3 Aaron Curry (2009)
In what has turned out to be a rare miss on draft night for the Seattle Seahawks lately, Aaron Curry makes a great case to be labeled the biggest bust of all time. Curry turned in three pathetic seasons for the Seahawks and Raiders after being lauded as a lock for greatness. Seattle smartly cut their losses and managed to get some assets in return for the fourth overall pick, realizing how hopeless it would be to salvage Curry's career. The Wake Forest dud never got another contract after his rookie deal.
2 Johnny Manziel (2014)
Despite the reluctance to call anyone from the 2014 draft class a bust yet, Johnny Manziel is impossible to ignore. As the last in a seemingly endless line of Browns players on this list, and leaving Brandon Weeden off was a difficult thing to do, Johnny Football represents one of the most dramatic crash-and-burns in the history of the league. After two seasons with the Browns that resulted in seven touchdowns, seven interceptions, and seven fumbles, Manziel lost the faith of the coaching staff and the executives. Partying habits cost the Texas A&M star the trust of the people around him and took his focus away from the game much to the dismay of the fans, coaching staff, and his own family. The last time the Browns won a game coincidentally, was when Johnny Football was under center.
1 JaMarcus Russell (2007)
JaMarcus Russell epitomized the Oakland Raiders organization for the better part of a decade. While that is a hefty claim to heave upon the bust of all busts, especially since Russell only played for three years in the NFL, it is hard to find a player so useless from the get-go drafted so highly. Every analyst managed to misfire on how the prospect of Russell's career and the former LSU stud hoodwinked a host of scouts in the league. Laziness, poor diet, and a lack of work ethic all contributed in concert to the demise of JaMarcus. No team wanted to take a flyer on the former number one overall after the arrest for possession of controlled substances, and the player that looked like the next big thing found himself staring absolute failure in the face.
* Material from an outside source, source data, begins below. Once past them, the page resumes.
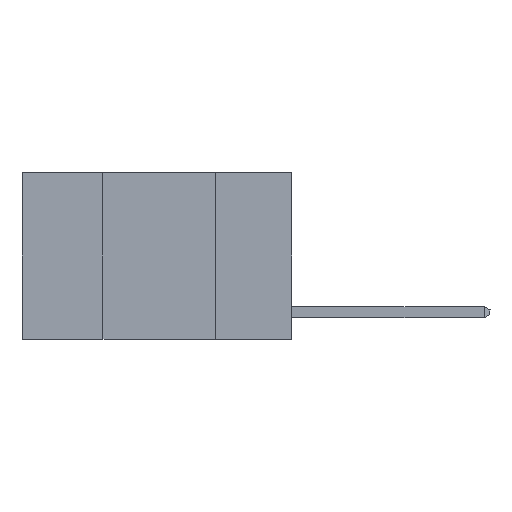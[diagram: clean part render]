
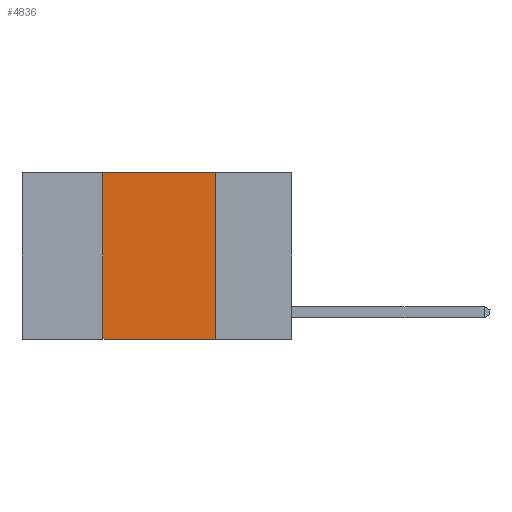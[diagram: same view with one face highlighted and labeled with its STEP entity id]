
A CAD part, left-side view. The second image highlights one B-rep face of the part: STEP entity #4836.
In plain terms, the highlighted planar face has unit normal (-1, 0, 0).
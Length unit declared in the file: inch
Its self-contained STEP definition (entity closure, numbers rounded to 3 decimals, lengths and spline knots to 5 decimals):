
#1216 = EDGE_CURVE ( 'NONE', #1989, #5242, #3481, .T. ) ;
#1450 = CARTESIAN_POINT ( 'NONE',  ( 0., 0.17, 0. ) ) ;
#1989 = VERTEX_POINT ( 'NONE', #2337 ) ;
#2011 = CARTESIAN_POINT ( 'NONE',  ( 0., 0.6, 0. ) ) ;
#2337 = CARTESIAN_POINT ( 'NONE',  ( 0., 0.17, 0. ) ) ;
#2789 = DIRECTION ( 'NONE',  ( 0., -1., 0. ) ) ;
#3004 = VERTEX_POINT ( 'NONE', #19988 ) ;
#3481 = LINE ( 'NONE', #1450, #10914 ) ;
#4357 = LINE ( 'NONE', #19625, #14597 ) ;
#4836 = ADVANCED_FACE ( 'NONE', ( #16332 ), #13829, .F. ) ;
#4911 = VECTOR ( 'NONE', #28527, 39.37008 ) ;
#5242 = VERTEX_POINT ( 'NONE', #9885 ) ;
#5445 = ORIENTED_EDGE ( 'NONE', *, *, #1216, .F. ) ;
#5996 = CARTESIAN_POINT ( 'NONE',  ( 0., 0.42, 0. ) ) ;
#6228 = AXIS2_PLACEMENT_3D ( 'NONE', #2011, #6374, #18690 ) ;
#6307 = LINE ( 'NONE', #5996, #30017 ) ;
#6374 = DIRECTION ( 'NONE',  ( 1., 0., 0. ) ) ;
#8326 = DIRECTION ( 'NONE',  ( 0., 0., 1. ) ) ;
#8459 = DIRECTION ( 'NONE',  ( 0., 0., -1. ) ) ;
#9885 = CARTESIAN_POINT ( 'NONE',  ( 0., 0.17, -0.37 ) ) ;
#10374 = ORIENTED_EDGE ( 'NONE', *, *, #18577, .F. ) ;
#10914 = VECTOR ( 'NONE', #8459, 39.37008 ) ;
#12074 = ORIENTED_EDGE ( 'NONE', *, *, #12414, .T. ) ;
#12414 = EDGE_CURVE ( 'NONE', #3004, #5242, #4357, .T. ) ;
#13829 = PLANE ( 'NONE',  #6228 ) ;
#14597 = VECTOR ( 'NONE', #2789, 39.37008 ) ;
#15651 = ORIENTED_EDGE ( 'NONE', *, *, #27091, .F. ) ;
#16332 = FACE_OUTER_BOUND ( 'NONE', #19912, .T. ) ;
#16658 = LINE ( 'NONE', #17273, #4911 ) ;
#17273 = CARTESIAN_POINT ( 'NONE',  ( 0., 0.6, 0. ) ) ;
#18577 = EDGE_CURVE ( 'NONE', #3004, #30645, #6307, .T. ) ;
#18690 = DIRECTION ( 'NONE',  ( 0., 0., -1. ) ) ;
#19625 = CARTESIAN_POINT ( 'NONE',  ( 0., 0.6, -0.37 ) ) ;
#19912 = EDGE_LOOP ( 'NONE', ( #5445, #15651, #10374, #12074 ) ) ;
#19988 = CARTESIAN_POINT ( 'NONE',  ( 0., 0.42, -0.37 ) ) ;
#27091 = EDGE_CURVE ( 'NONE', #30645, #1989, #16658, .T. ) ;
#28527 = DIRECTION ( 'NONE',  ( 0., -1., 0. ) ) ;
#29465 = CARTESIAN_POINT ( 'NONE',  ( 0., 0.42, 0. ) ) ;
#30017 = VECTOR ( 'NONE', #8326, 39.37008 ) ;
#30645 = VERTEX_POINT ( 'NONE', #29465 ) ;

Russell has attempted several comebacks and his most recent one took place this offseason. He wrote letters to every NFL team and noted all his flaws that the media has been ripping him on since he entered the league. The $39 million-man vowed he would work for free, in exchange to be able to get a chance to run plays on the scout team for experience. There were some lessons learned by the 31-year-old, and it seems like he has matured since several run-ins with the law, "My tribulations have humbled me. I am a better man because of my struggles, and I simply desire an opportunity [to] redeem myself."
It is doubtful that any organization will be desperate enough to kick the tires on a washed-up has-been that cannot throw a football with any accuracy, but it has occurred in the past. Russell managed to get a tryout with the Chicago Bears in 2013, but he did not make it to training camp. Though it may be a long shot, you may not have heard the last of JaMarcus Russell.